* TASK GOAL: Within the records below is a range that opens at the line with "line L3 (3.175, 1.6637)" and closes at the line with "line L9 (-3.175, 1.5494)". Return that range word for word, both ends included, and only that range.

Collected data:

>>>

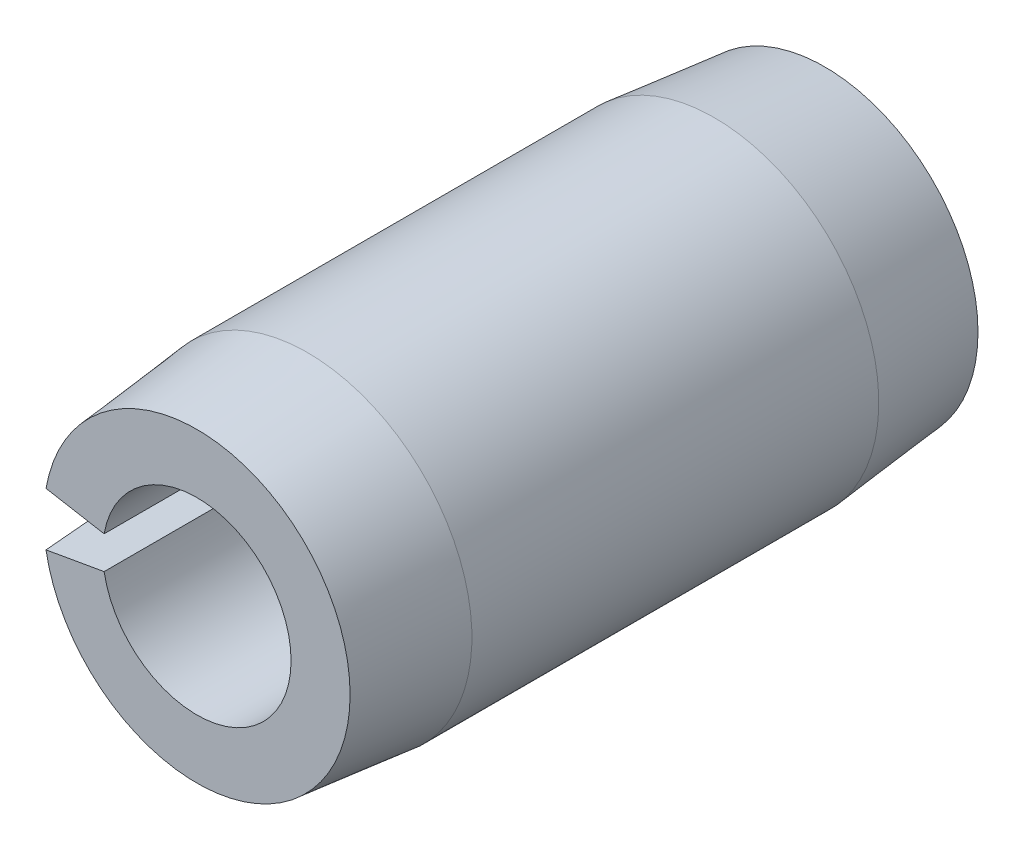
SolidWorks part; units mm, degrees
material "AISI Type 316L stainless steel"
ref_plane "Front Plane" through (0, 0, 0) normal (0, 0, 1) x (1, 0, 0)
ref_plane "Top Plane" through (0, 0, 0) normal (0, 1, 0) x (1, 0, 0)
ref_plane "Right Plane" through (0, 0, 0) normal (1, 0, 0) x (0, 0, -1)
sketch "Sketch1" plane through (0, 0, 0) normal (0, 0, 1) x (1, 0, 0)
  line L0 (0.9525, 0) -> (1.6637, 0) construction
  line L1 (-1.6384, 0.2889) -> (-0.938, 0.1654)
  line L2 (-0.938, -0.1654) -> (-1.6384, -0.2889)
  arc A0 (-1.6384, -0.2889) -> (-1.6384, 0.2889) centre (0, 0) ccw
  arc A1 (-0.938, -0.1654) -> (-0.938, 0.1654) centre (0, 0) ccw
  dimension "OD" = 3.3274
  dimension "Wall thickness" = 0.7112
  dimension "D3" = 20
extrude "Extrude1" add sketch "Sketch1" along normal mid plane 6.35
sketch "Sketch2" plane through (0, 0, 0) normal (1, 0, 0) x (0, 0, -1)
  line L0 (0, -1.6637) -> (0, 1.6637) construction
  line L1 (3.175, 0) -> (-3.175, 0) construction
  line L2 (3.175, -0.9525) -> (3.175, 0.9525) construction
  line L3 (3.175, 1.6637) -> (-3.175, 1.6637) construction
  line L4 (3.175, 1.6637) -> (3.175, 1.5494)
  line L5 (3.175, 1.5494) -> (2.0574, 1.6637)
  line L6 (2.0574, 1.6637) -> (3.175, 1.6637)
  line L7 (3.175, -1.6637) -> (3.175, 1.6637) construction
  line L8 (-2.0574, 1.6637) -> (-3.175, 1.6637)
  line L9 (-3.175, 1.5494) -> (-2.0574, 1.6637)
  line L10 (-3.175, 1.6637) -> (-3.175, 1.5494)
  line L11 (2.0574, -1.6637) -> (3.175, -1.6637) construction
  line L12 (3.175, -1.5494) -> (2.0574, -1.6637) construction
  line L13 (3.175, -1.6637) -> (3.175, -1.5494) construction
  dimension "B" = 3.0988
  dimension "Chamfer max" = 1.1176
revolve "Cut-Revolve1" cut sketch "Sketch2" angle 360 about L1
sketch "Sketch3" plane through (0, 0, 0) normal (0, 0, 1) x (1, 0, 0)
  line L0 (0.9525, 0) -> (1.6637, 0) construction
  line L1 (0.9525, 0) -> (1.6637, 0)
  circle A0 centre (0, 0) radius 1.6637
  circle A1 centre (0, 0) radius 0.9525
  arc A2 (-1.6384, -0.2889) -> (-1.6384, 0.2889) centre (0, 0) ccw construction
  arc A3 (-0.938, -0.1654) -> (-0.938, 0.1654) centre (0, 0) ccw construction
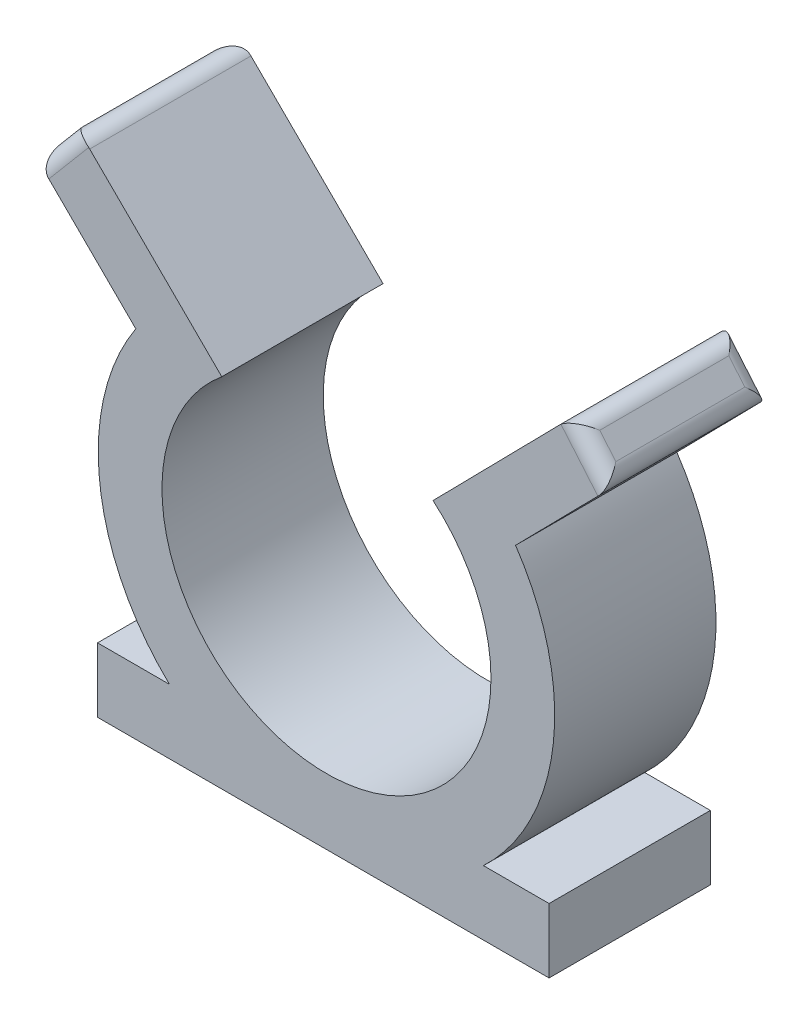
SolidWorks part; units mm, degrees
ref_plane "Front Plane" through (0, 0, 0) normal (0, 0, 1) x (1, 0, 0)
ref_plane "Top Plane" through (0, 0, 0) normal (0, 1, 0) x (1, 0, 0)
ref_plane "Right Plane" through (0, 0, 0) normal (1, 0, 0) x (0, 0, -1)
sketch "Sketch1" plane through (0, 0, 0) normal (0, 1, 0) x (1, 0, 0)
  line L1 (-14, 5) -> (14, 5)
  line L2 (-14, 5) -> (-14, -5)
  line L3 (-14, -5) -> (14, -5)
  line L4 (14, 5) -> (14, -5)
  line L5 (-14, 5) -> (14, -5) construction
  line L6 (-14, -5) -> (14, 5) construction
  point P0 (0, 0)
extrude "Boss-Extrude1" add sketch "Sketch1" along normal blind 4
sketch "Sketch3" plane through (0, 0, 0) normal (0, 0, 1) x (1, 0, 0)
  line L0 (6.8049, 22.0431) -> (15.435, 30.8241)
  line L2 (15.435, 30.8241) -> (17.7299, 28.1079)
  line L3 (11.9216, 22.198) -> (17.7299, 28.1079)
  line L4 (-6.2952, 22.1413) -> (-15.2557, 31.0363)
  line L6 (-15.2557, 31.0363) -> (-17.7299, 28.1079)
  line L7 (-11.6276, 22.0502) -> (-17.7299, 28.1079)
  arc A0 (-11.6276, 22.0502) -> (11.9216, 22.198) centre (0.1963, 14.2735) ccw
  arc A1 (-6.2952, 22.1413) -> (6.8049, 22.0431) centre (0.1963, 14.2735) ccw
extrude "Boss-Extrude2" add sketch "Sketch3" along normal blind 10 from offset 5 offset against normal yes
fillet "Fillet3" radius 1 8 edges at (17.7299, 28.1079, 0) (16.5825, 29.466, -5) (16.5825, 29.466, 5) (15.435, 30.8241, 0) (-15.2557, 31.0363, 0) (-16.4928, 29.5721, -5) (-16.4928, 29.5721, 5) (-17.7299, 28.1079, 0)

<<<

* SOLUTION FOR THIS TASK:
  line L3 (3.175, 1.6637) -> (-3.175, 1.6637) construction
  line L4 (3.175, 1.6637) -> (3.175, 1.5494)
  line L5 (3.175, 1.5494) -> (2.0574, 1.6637)
  line L6 (2.0574, 1.6637) -> (3.175, 1.6637)
  line L7 (3.175, -1.6637) -> (3.175, 1.6637) construction
  line L8 (-2.0574, 1.6637) -> (-3.175, 1.6637)
  line L9 (-3.175, 1.5494) -> (-2.0574, 1.6637)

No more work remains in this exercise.